I'm printing white ink on Next Level 1540 (black) t-shirts, and every time I pass over it with the squeegee I get little fuzzies come up on the shirt. I've had it happen over the years on a much lower level, but this is on all of them. Is there a trick to getting rid of these little fuzzies? 

It's like I'm rearranging all the t-shirt lint on them.


----------



## splathead (Dec 4, 2005)

Use a lint roller.


----------



## NoXid (Apr 4, 2011)

I've seen heat pressing suggested before as a way to get the fuzz to lay down, but probably best to roll it first to remove any loose fuzz.


I've been printing on 100% cotton NL for a while and haven't noticed much fuzz. However, I recently picked up some samples of their tri-blend and cotton/poly garments, and there was a noticeable amount of fuzz on all of them. I'm not sure if this goes hand-in-hand with blends, or what.


----------



## TulsaTshirts (Feb 22, 2012)

We've tried to pre-roll with lint roller. No help. We've tried the heat press. It was ok, but all the fuzz that was being pulled up around the letters became white "tails" around the text we're printing.

Also saw on a different thread to flood heavy and print light. Also didn't work.

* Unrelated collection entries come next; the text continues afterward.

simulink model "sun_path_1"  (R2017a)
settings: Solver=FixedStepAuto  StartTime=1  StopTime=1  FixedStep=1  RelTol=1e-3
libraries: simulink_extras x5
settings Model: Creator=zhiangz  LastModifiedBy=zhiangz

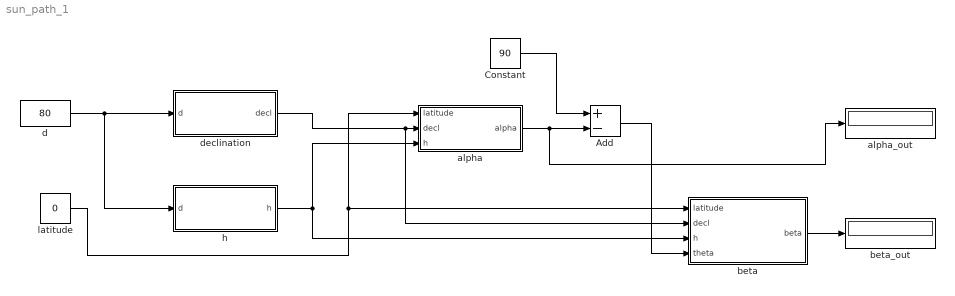
== system sun_path_1 ==
  Add : Sum  Inputs=+-
  Constant : Constant  Value=90
  alpha : Subsystem
  alpha_out : Display
  beta : Subsystem
  beta_out : Display
  d : Constant  Value=80
  declination : Subsystem
  h : Subsystem
  latitude : Constant  Value=0
  wires:
  alpha/1(alpha) -> alpha_out/1, Add/2
  Constant/1 -> Add/1
  Add/1 -> beta/4(theta)
  d/1 -> h/1(d), declination/1(d)
  latitude/1 -> alpha/1(latitude), beta/1(latitude)
  declination/1(decl) -> beta/2(decl), alpha/2(decl)
  h/1(h) -> alpha/3(h), beta/3(h)
  beta/1(beta) -> beta_out/1

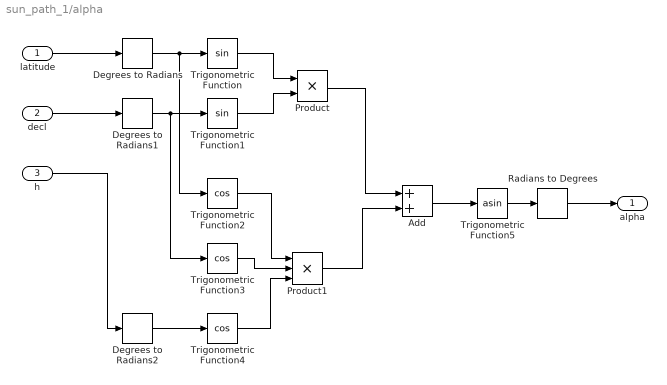
== system sun_path_1/alpha ==
  latitude : Inport
  decl : Inport  Port=2
  h : Inport  Port=3
  Add : Sum
  Degrees to Radians : simulink_extras/Transformations/Degrees to Radians
  Degrees to Radians1 : simulink_extras/Transformations/Degrees to Radians
  Degrees to Radians2 : simulink_extras/Transformations/Degrees to Radians
  Product : Product
  Product1 : Product  Inputs=3
  Radians to Degrees : simulink_extras/Transformations/Radians to Degrees
  Trigonometric Function : Trigonometry
  Trigonometric Function1 : Trigonometry
  Trigonometric Function2 : Trigonometry  Operator=cos
  Trigonometric Function3 : Trigonometry  Operator=cos
  Trigonometric Function4 : Trigonometry  Operator=cos
  Trigonometric Function5 : Trigonometry  Operator=asin
  alpha : Outport
  wires:
  latitude/1 -> Degrees to Radians/1
  Degrees to Radians/1 -> Trigonometric Function2/1, Trigonometric Function/1
  decl/1 -> Degrees to Radians1/1
  Degrees to Radians1/1 -> Trigonometric Function3/1, Trigonometric Function1/1
  Trigonometric Function/1 -> Product/1
  Trigonometric Function1/1 -> Product/2
  h/1 -> Degrees to Radians2/1
  Trigonometric Function2/1 -> Product1/1
  Trigonometric Function3/1 -> Product1/2
  Trigonometric Function4/1 -> Product1/3
  Product/1 -> Add/1
  Product1/1 -> Add/2
  Add/1 -> Trigonometric Function5/1
  Trigonometric Function5/1 -> Radians to Degrees/1
  Radians to Degrees/1 -> alpha/1
  Degrees to Radians2/1 -> Trigonometric Function4/1

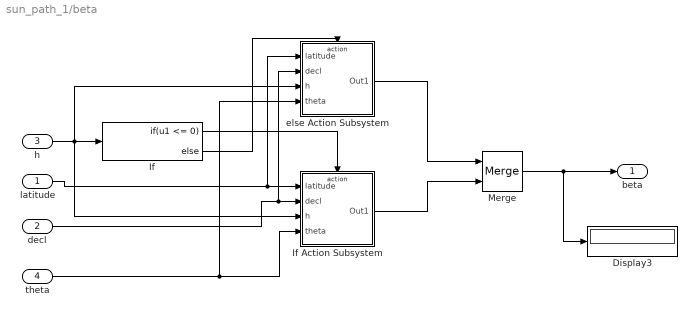
== system sun_path_1/beta ==
  latitude : Inport
  decl : Inport  Port=2
  h : Inport  Port=3
  theta : Inport  Port=4
  Display3 : Display
  If : If  IfExpression=u1 <= 0
  If Action Subsystem : Subsystem  TreatAsAtomicUnit=on
  Merge : Merge
  else Action Subsystem : Subsystem  TreatAsAtomicUnit=on
  beta : Outport
  wires:
  h/1 -> else Action Subsystem/3(h), If Action Subsystem/3(h), If/1
  If/1 -> If Action Subsystem/Action
  latitude/1 -> else Action Subsystem/1(latitude), If Action Subsystem/1(latitude)
  decl/1 -> else Action Subsystem/2(decl), If Action Subsystem/2(decl)
  theta/1 -> else Action Subsystem/4(theta), If Action Subsystem/4(theta)
  If/2 -> else Action Subsystem/Action
  Merge/1 -> Display3/1, beta/1
  else Action Subsystem/1(Out1) -> Merge/1
  If Action Subsystem/1(Out1) -> Merge/2

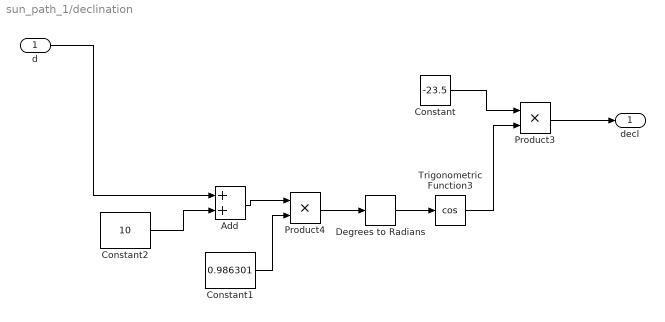
== system sun_path_1/declination ==
  d : Inport
  Add : Sum
  Constant : Constant  Value=-23.5
  Constant1 : Constant  Value=0.986301
  Constant2 : Constant  Value=10
  Degrees to Radians : simulink_extras/Transformations/Degrees to Radians
  Product3 : Product
  Product4 : Product
  Trigonometric Function3 : Trigonometry  Operator=cos
  decl : Outport
  wires:
  Trigonometric Function3/1 -> Product3/2
  Constant1/1 -> Product4/2
  Constant/1 -> Product3/1
  Product4/1 -> Degrees to Radians/1
  Add/1 -> Product4/1
  d/1 -> Add/1
  Constant2/1 -> Add/2
  Product3/1 -> decl/1
  Degrees to Radians/1 -> Trigonometric Function3/1

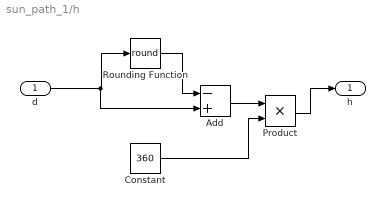
== system sun_path_1/h ==
  d : Inport
  Add : Sum  Inputs=-+
  Constant : Constant  Value=360
  Product : Product
  Rounding Function : Rounding  Operator=round
  h : Outport
  wires:
  d/1 -> Add/2, Rounding Function/1
  Rounding Function/1 -> Add/1
  Add/1 -> Product/1
  Constant/1 -> Product/2
  Product/1 -> h/1

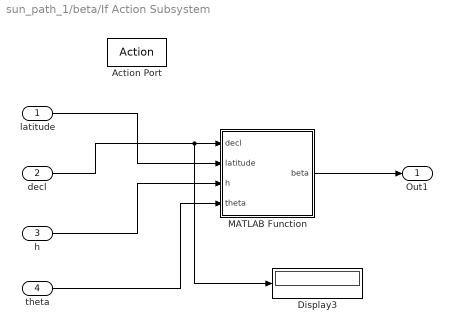
== system sun_path_1/beta/If Action Subsystem ==
  latitude : Inport
  decl : Inport  Port=2
  h : Inport  Port=3
  theta : Inport  Port=4
  Action Port : ActionPort  ActionType=then
  Display3 : Display
  MATLAB Function : MATLAB Function  TreatAsAtomicUnit=on
  Out1 : Outport
  wires:
  MATLAB Function/1(beta) -> Out1/1
  latitude/1 -> MATLAB Function/2(latitude)
  decl/1 -> Display3/1, MATLAB Function/1(decl)
  h/1 -> MATLAB Function/3(h)
  theta/1 -> MATLAB Function/4(theta)

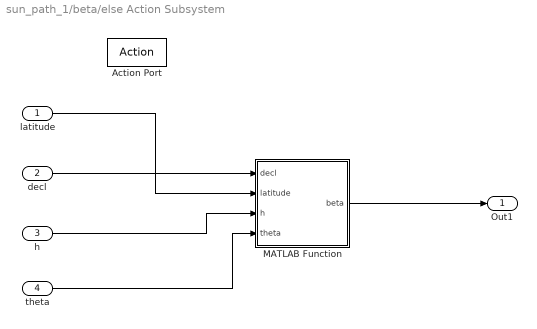
== system sun_path_1/beta/else Action Subsystem ==
  latitude : Inport
  decl : Inport  Port=2
  h : Inport  Port=3
  theta : Inport  Port=4
  Action Port : ActionPort  ActionType=else
  MATLAB Function : MATLAB Function  TreatAsAtomicUnit=on
  Out1 : Outport
  wires:
  decl/1 -> MATLAB Function/1(decl)
  latitude/1 -> MATLAB Function/2(latitude)
  h/1 -> MATLAB Function/3(h)
  theta/1 -> MATLAB Function/4(theta)
  MATLAB Function/1(beta) -> Out1/1

== matlab function sun_path_1/beta/If Action Subsystem/MATLAB Function ==
  data: decl input; beta output; latitude input; h input; theta input
function beta = beta_2(decl, latitude, h, theta)
decl = deg2rad(decl);
latitude = deg2rad(latitude);
h = deg2rad(h);
theta = deg2rad(theta);
trian_val = (sin(decl)*cos(latitude) - cos(h)*cos(decl)...
            *sin(latitude))/sin(theta);
trian_val = min(max(trian_val, -1), 1);
beta = -acos(trian_val);
beta = rad2deg(beta);
end

== matlab function sun_path_1/beta/else Action Subsystem/MATLAB Function ==
  data: decl input; beta output; latitude input; h input; theta input
function beta = beta_1(decl, latitude, h, theta)
decl = deg2rad(decl);
latitude = deg2rad(latitude);
h = deg2rad(h);
theta = deg2rad(theta);
trian_val = (sin(decl)*cos(latitude) - cos(h)*cos(decl)...
            *sin(latitude))/sin(theta);
trian_val = min(max(trian_val, -1), 1);
beta = acos(trian_val);
beta = rad2deg(beta);
end

Just thought someone might have a fabulous trick to this. We've been printing the same art with the same screens on a different brand (same color) of shirts for a couple days. This just happened when we switched to the NL.


----------



## halfashirt (Dec 17, 2007)

http://m.actionengineering.com/cat-223-1-1420/delinting-kits.htm


----------



## halfashirt (Dec 17, 2007)

How Does it Work?
Spray a light coating of adhesive (not included) on your two Teflon coated screens. Place onto Head #1. Use a Roller Squeegee to get the best contact with the garment. Any and all loose threads and lint balls will be picked up by the screen. When it gets dirty, your second screen is ready to use and minimizes downtime. The laminated Teflon film on the screen makes it very quick and easy to clean and reuse. Eliminates the lint in screen problem.

You can also try a clear base!


----------